◆ **DATASET RECORDS**:
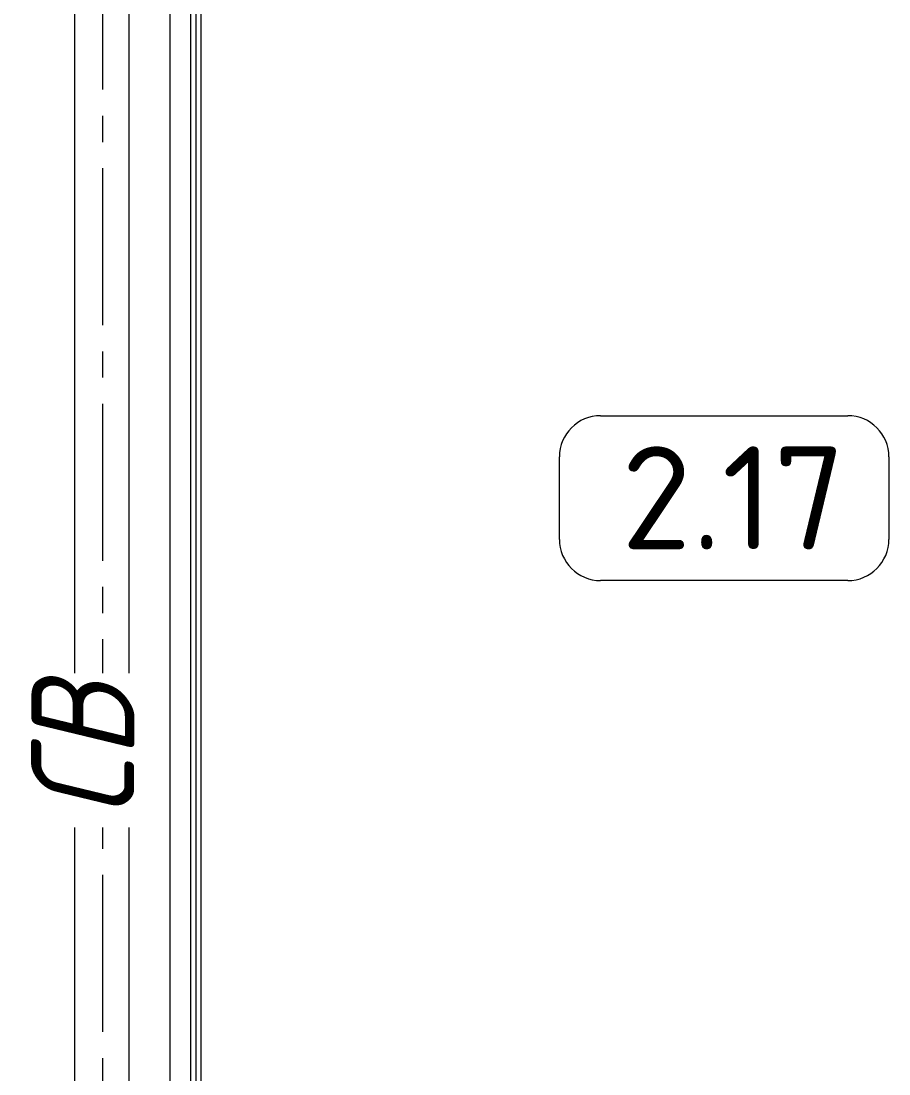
# Model space of a CAD drawing. Header units: millimetres. Extents: x -330955 to 144729, y -76510 to 25340.
# Drawn here: x 82919 to 85026, y -40656 to -38101 of the extents above; entities that cross this region are included whole.
import ezdxf
from ezdxf.enums import TextEntityAlignment as Align

# ---------------------------------------------------------------- set-up
doc = ezdxf.new("R2010")
doc.units = ezdxf.units.MM
doc.header["$LTSCALE"] = 20
doc.linetypes.add('CENTER', pattern=[20, 15, -1.7, 1.6, -1.7])
doc.linetypes.add('CENTER2', pattern=[28.575, 19.05, -3.175, 3.175, -3.175])
for name, color, linetype, lineweight in [('A-WALL', 5, 'Continuous', 13), ('Марки помещений', 7, 'Continuous', 20), ('Оси', 7, 'CENTER2', 9), ('Размеры', 7, 'Continuous', 9), ('Средние', 142, 'Continuous', 30), ('Стены ГКЛ (графика)', 7, 'Continuous', 25), ('Типовые аннотации', 7, 'Continuous', 18)]:
    doc.layers.add(name, color=color, linetype=linetype, lineweight=lineweight)
doc.styles.add('GOST Common_2', font='gost-common.ttf', dxfattribs={"width": 0.9, "height": 250})
doc.styles.add('PDF ISOCPEUR', font='isocpeur.ttf')

# ---------------------------------------------------------------- blocks, each defined once
blk = doc.blocks.new('*U1162')
at = {"layer": 'A-WALL', "color": 30, "linetype": 'Continuous'}
blk.add_line((0.9, -1.3), (5953.9, -1.3), dxfattribs=at)
at = {"layer": 'A-WALL', "color": 11, "linetype": 'Continuous'}
for p, q in [((0.9, -13.8), (5966.4, -13.8)), ((0.9, -26.3), (5978.9, -26.3))]:
    blk.add_line(p, q, dxfattribs=at)
at = {"layer": 'A-WALL', "color": 8, "linetype": 'Continuous', "lineweight": 0}
blk.add_line((0.9, -76.3), (6028.9, -76.3), dxfattribs=at)
blk = doc.blocks.new('Марка_помещения')
at = {"layer": 'Типовые аннотации', "lineweight": 9}
for p, q in [((-294.1, 183.2), (305.9, 183.2)), ((-394.1, -116.8), (-394.1, 83.2)), ((405.9, 83.2), (405.9, -116.8)), ((305.9, -216.8), (-294.1, -216.8))]:
    blk.add_line(p, q, dxfattribs=at)
for centre, start, end in [((-294.1, 83.2), 90, 180), ((305.9, 83.2), 360, 90), ((-294.1, -116.8), 180, 270), ((305.9, -116.8), 270, 0)]:
    blk.add_arc(centre, 100, start, end, dxfattribs=at)
at = {"layer": 'Типовые аннотации', "style": 'PDF ISOCPEUR'}
blk.add_attdef('№', text='', height=250, dxfattribs=at).set_placement((28.2, -16.2), align=Align.MIDDLE_CENTER)

msp = doc.modelspace()

# ---------------------------------------------------------------- linework, layer by layer
at = {"layer": 'Оси'}
msp.add_line((83117.9277, -45697.1343), (83117.9277, -29743.7133), dxfattribs=at)
at = {"layer": 'Средние', "linetype": 'CENTER', "lineweight": 5, "ltscale": 150}
for p, q in [((83049.9277, -42868.7519), (83049.9277, -37217.7519)), ((83181.9277, -42868.7519), (83181.9277, -37217.7519))]:
    msp.add_line(p, q, dxfattribs=at)

# ---------------------------------------------------------------- block references
at = {"layer": 'Марки помещений'}
msp.add_blockref('Марка_помещения', (84620.3053, -39241.753), dxfattribs=at).add_auto_attribs({'№': '2.17'})
at = {"layer": 'Стены ГКЛ (графика)', "rotation": 270}
msp.add_blockref('*U1162', (83357.2171, -36940.7262), dxfattribs=at)

# ---------------------------------------------------------------- next in the draw order: texts
at = {"layer": 'Размеры', "color": 7, "lineweight": 20, "insert": (82944.411, -40032.443), "char_height": 250, "width": 5.115907697472721e-13, "attachment_point": 1, "rotation": 90, "line_spacing_factor": 0.48, "style": 'GOST Common_2', "bg_fill": 3, "box_fill_scale": 1.1, "bg_fill_color": 256, "bg_fill_transparency": 0}
msp.add_mtext('{\\fGOST Common|b0|i1|c204|p34;СВ}', dxfattribs=at)

doc.saveas('drawing.dxf')
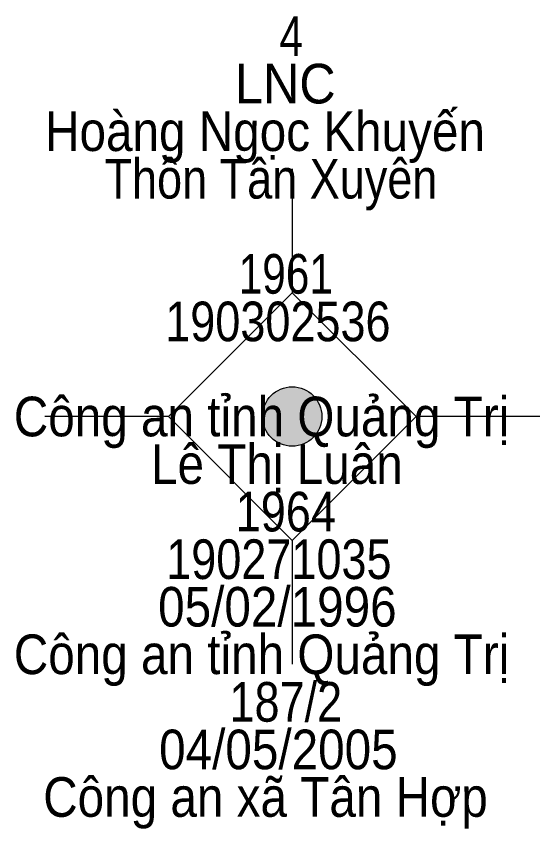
# Model space of a CAD drawing. Header units: metres. Extents: x 550999 to 552168, y 1840994 to 1841978.
# Drawn here: x 551173.03 to 551178.32, y 1841904.75 to 1841912.95 of the extents above; entities that cross this region are included whole.
import ezdxf
from ezdxf.enums import TextEntityAlignment as Align

# ---------------------------------------------------------------- set-up
doc = ezdxf.new("R2010")
doc.units = ezdxf.units.M
doc.header["$LTSCALE"] = 0.16
doc.layers.add('11', color=7, linetype='Continuous', lineweight=13)
doc.layers.add('15', color=7, linetype='Continuous')

msp = doc.modelspace()

# ---------------------------------------------------------------- hatches: boundary and pattern name
at = {"layer": '11'}
msp.add_hatch(color=256, dxfattribs=at).paths.add_polyline_path([(551176.1195, 1841908.91, 1), (551175.5195, 1841908.91, 1)])

# ---------------------------------------------------------------- linework, layer by layer
for p, q in [((551175.82, 1841911.41), (551175.82, 1841910.16)), ((551174.57, 1841908.91), (551173.32, 1841908.91)), ((551178.32, 1841908.91), (551177.07, 1841908.91)), ((551175.82, 1841907.66), (551175.82, 1841906.41))]:
    msp.add_line(p, q, dxfattribs=at)
msp.add_lwpolyline([(551175.82, 1841910.16), (551174.57, 1841908.91), (551175.82, 1841907.66), (551177.07, 1841908.91)], close=True, dxfattribs=at)
msp.add_circle((551175.8195, 1841908.91), 0.3, dxfattribs=at)

# ---------------------------------------------------------------- texts
at = {"layer": '15'}
for s, width, p in [('4', 0.8, (551175.81, 1841912.55)), ('LNC', 0.95, (551175.75, 1841912.07)), ('Hoàng Ngọc Khuyến', 0.9, (551175.545, 1841911.59)), ('Thôn Tân Xuyên', 0.85, (551175.605, 1841911.11)), ('1961', 0.8, (551175.755, 1841910.15)), ('190302536', 0.85, (551175.675, 1841909.67)), ('Công an tỉnh Quảng Trị', 0.9, (551175.51, 1841908.71)), ('Lê Thị Luân', 0.9, (551175.665, 1841908.23)), ('1964', 0.85, (551175.755, 1841907.75)), ('190271035', 0.85, (551175.685, 1841907.27)), ('05/02/1996', 0.9, (551175.67, 1841906.79)), ('Công an tỉnh Quảng Trị', 0.9, (551175.51, 1841906.31)), ('187/2', 0.85, (551175.755, 1841905.83)), ('04/05/2005', 0.9, (551175.68, 1841905.35)), ('Công an xã Tân Hợp', 0.9, (551175.55, 1841904.87))]:
    msp.add_text(s, height=0.4, dxfattribs=dict(at, width=width)).set_placement(p, align=Align.CENTER)

doc.saveas('drawing.dxf')
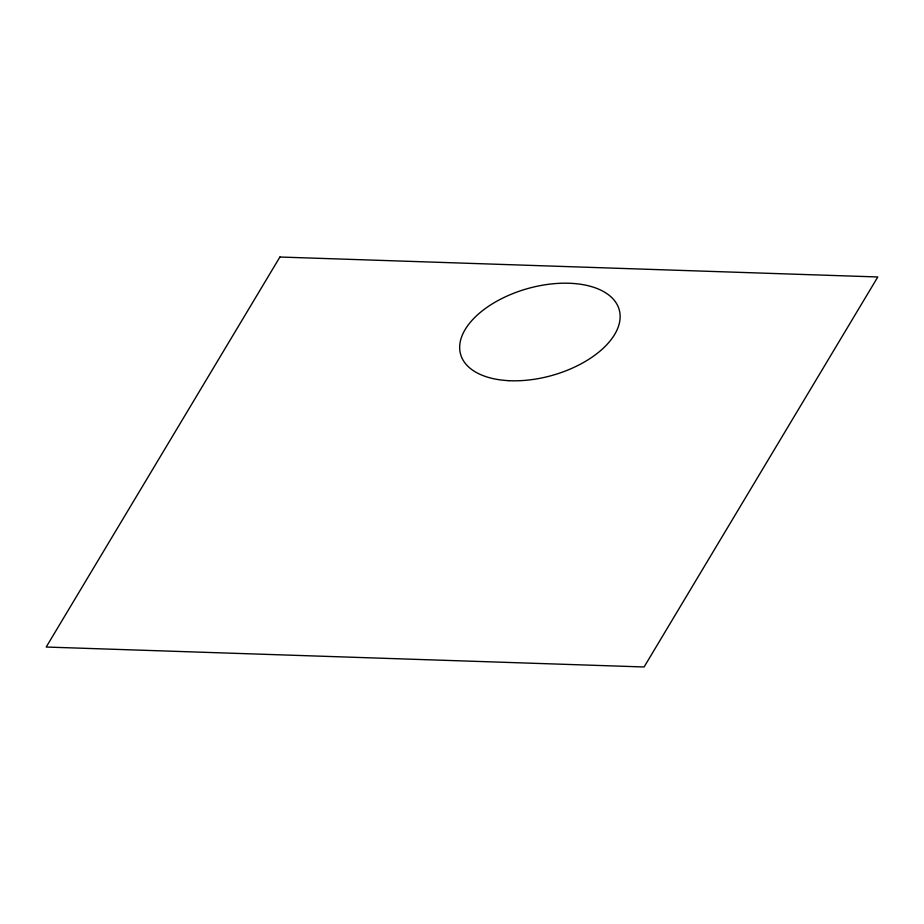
<?xml version="1.0" encoding="UTF-8"?>
<svg xmlns="http://www.w3.org/2000/svg" width="924" height="924" viewBox="0 0 924 924"><rect width="100%" height="100%" fill="white"/><g stroke="black" fill="none" stroke-linecap="round" stroke-linejoin="round"><path stroke-width="1.39" d="M279.914 257.022L46.2 647.031L644.086 666.978L877.8 276.969L279.914 257.022M508.916 380.676A82.386 45.114 -15.7 0 0 619.496 310.822A82.386 45.114 -15.7 0 0 491.291 304.493A82.386 45.114 -15.7 0 0 508.916 380.676"/></g></svg>

◆ **EXERCISE OBJECTIVE**: Restate the data above verbatim, skipping every image.

◆ **WRITTEN SOLUTION**:
# Model space of a CAD drawing. Header units: millimetres. Extents: x -330955 to 144729, y -76510 to 25340.
# Drawn here: x 82919 to 85026, y -40656 to -38101 of the extents above; entities that cross this region are included whole.
import ezdxf
from ezdxf.enums import TextEntityAlignment as Align

# ---------------------------------------------------------------- set-up
doc = ezdxf.new("R2010")
doc.units = ezdxf.units.MM
doc.header["$LTSCALE"] = 20
doc.linetypes.add('CENTER', pattern=[20, 15, -1.7, 1.6, -1.7])
doc.linetypes.add('CENTER2', pattern=[28.575, 19.05, -3.175, 3.175, -3.175])
for name, color, linetype, lineweight in [('A-WALL', 5, 'Continuous', 13), ('Марки помещений', 7, 'Continuous', 20), ('Оси', 7, 'CENTER2', 9), ('Размеры', 7, 'Continuous', 9), ('Средние', 142, 'Continuous', 30), ('Стены ГКЛ (графика)', 7, 'Continuous', 25), ('Типовые аннотации', 7, 'Continuous', 18)]:
    doc.layers.add(name, color=color, linetype=linetype, lineweight=lineweight)
doc.styles.add('GOST Common_2', font='gost-common.ttf', dxfattribs={"width": 0.9, "height": 250})
doc.styles.add('PDF ISOCPEUR', font='isocpeur.ttf')

# ---------------------------------------------------------------- blocks, each defined once
blk = doc.blocks.new('*U1162')
at = {"layer": 'A-WALL', "color": 30, "linetype": 'Continuous'}
blk.add_line((0.9, -1.3), (5953.9, -1.3), dxfattribs=at)
at = {"layer": 'A-WALL', "color": 11, "linetype": 'Continuous'}
for p, q in [((0.9, -13.8), (5966.4, -13.8)), ((0.9, -26.3), (5978.9, -26.3))]:
    blk.add_line(p, q, dxfattribs=at)
at = {"layer": 'A-WALL', "color": 8, "linetype": 'Continuous', "lineweight": 0}
blk.add_line((0.9, -76.3), (6028.9, -76.3), dxfattribs=at)
blk = doc.blocks.new('Марка_помещения')
at = {"layer": 'Типовые аннотации', "lineweight": 9}
for p, q in [((-294.1, 183.2), (305.9, 183.2)), ((-394.1, -116.8), (-394.1, 83.2)), ((405.9, 83.2), (405.9, -116.8)), ((305.9, -216.8), (-294.1, -216.8))]:
    blk.add_line(p, q, dxfattribs=at)
for centre, start, end in [((-294.1, 83.2), 90, 180), ((305.9, 83.2), 360, 90), ((-294.1, -116.8), 180, 270), ((305.9, -116.8), 270, 0)]:
    blk.add_arc(centre, 100, start, end, dxfattribs=at)
at = {"layer": 'Типовые аннотации', "style": 'PDF ISOCPEUR'}
blk.add_attdef('№', text='', height=250, dxfattribs=at).set_placement((28.2, -16.2), align=Align.MIDDLE_CENTER)

msp = doc.modelspace()

# ---------------------------------------------------------------- linework, layer by layer
at = {"layer": 'Оси'}
msp.add_line((83117.9277, -45697.1343), (83117.9277, -29743.7133), dxfattribs=at)
at = {"layer": 'Средние', "linetype": 'CENTER', "lineweight": 5, "ltscale": 150}
for p, q in [((83049.9277, -42868.7519), (83049.9277, -37217.7519)), ((83181.9277, -42868.7519), (83181.9277, -37217.7519))]:
    msp.add_line(p, q, dxfattribs=at)

# ---------------------------------------------------------------- block references
at = {"layer": 'Марки помещений'}
msp.add_blockref('Марка_помещения', (84620.3053, -39241.753), dxfattribs=at).add_auto_attribs({'№': '2.17'})
at = {"layer": 'Стены ГКЛ (графика)', "rotation": 270}
msp.add_blockref('*U1162', (83357.2171, -36940.7262), dxfattribs=at)

# ---------------------------------------------------------------- next in the draw order: texts
at = {"layer": 'Размеры', "color": 7, "lineweight": 20, "insert": (82944.411, -40032.443), "char_height": 250, "width": 5.115907697472721e-13, "attachment_point": 1, "rotation": 90, "line_spacing_factor": 0.48, "style": 'GOST Common_2', "bg_fill": 3, "box_fill_scale": 1.1, "bg_fill_color": 256, "bg_fill_transparency": 0}
msp.add_mtext('{\\fGOST Common|b0|i1|c204|p34;СВ}', dxfattribs=at)

doc.saveas('drawing.dxf')
# Model space of a CAD drawing. Header units: metres. Extents: x 550999 to 552168, y 1840994 to 1841978.
# Drawn here: x 551173.03 to 551178.32, y 1841904.75 to 1841912.95 of the extents above; entities that cross this region are included whole.
import ezdxf
from ezdxf.enums import TextEntityAlignment as Align

# ---------------------------------------------------------------- set-up
doc = ezdxf.new("R2010")
doc.units = ezdxf.units.M
doc.header["$LTSCALE"] = 0.16
doc.layers.add('11', color=7, linetype='Continuous', lineweight=13)
doc.layers.add('15', color=7, linetype='Continuous')

msp = doc.modelspace()

# ---------------------------------------------------------------- hatches: boundary and pattern name
at = {"layer": '11'}
msp.add_hatch(color=256, dxfattribs=at).paths.add_polyline_path([(551176.1195, 1841908.91, 1), (551175.5195, 1841908.91, 1)])

# ---------------------------------------------------------------- linework, layer by layer
for p, q in [((551175.82, 1841911.41), (551175.82, 1841910.16)), ((551174.57, 1841908.91), (551173.32, 1841908.91)), ((551178.32, 1841908.91), (551177.07, 1841908.91)), ((551175.82, 1841907.66), (551175.82, 1841906.41))]:
    msp.add_line(p, q, dxfattribs=at)
msp.add_lwpolyline([(551175.82, 1841910.16), (551174.57, 1841908.91), (551175.82, 1841907.66), (551177.07, 1841908.91)], close=True, dxfattribs=at)
msp.add_circle((551175.8195, 1841908.91), 0.3, dxfattribs=at)

# ---------------------------------------------------------------- texts
at = {"layer": '15'}
for s, width, p in [('4', 0.8, (551175.81, 1841912.55)), ('LNC', 0.95, (551175.75, 1841912.07)), ('Hoàng Ngọc Khuyến', 0.9, (551175.545, 1841911.59)), ('Thôn Tân Xuyên', 0.85, (551175.605, 1841911.11)), ('1961', 0.8, (551175.755, 1841910.15)), ('190302536', 0.85, (551175.675, 1841909.67)), ('Công an tỉnh Quảng Trị', 0.9, (551175.51, 1841908.71)), ('Lê Thị Luân', 0.9, (551175.665, 1841908.23)), ('1964', 0.85, (551175.755, 1841907.75)), ('190271035', 0.85, (551175.685, 1841907.27)), ('05/02/1996', 0.9, (551175.67, 1841906.79)), ('Công an tỉnh Quảng Trị', 0.9, (551175.51, 1841906.31)), ('187/2', 0.85, (551175.755, 1841905.83)), ('04/05/2005', 0.9, (551175.68, 1841905.35)), ('Công an xã Tân Hợp', 0.9, (551175.55, 1841904.87))]:
    msp.add_text(s, height=0.4, dxfattribs=dict(at, width=width)).set_placement(p, align=Align.CENTER)

doc.saveas('drawing.dxf')
<?xml version="1.0" encoding="UTF-8"?>
<svg xmlns="http://www.w3.org/2000/svg" width="924" height="924" viewBox="0 0 924 924"><rect width="100%" height="100%" fill="white"/><g stroke="black" fill="none" stroke-linecap="round" stroke-linejoin="round"><path stroke-width="1.39" d="M279.914 257.022L46.2 647.031L644.086 666.978L877.8 276.969L279.914 257.022M508.916 380.676A82.386 45.114 -15.7 0 0 619.496 310.822A82.386 45.114 -15.7 0 0 491.291 304.493A82.386 45.114 -15.7 0 0 508.916 380.676"/></g></svg>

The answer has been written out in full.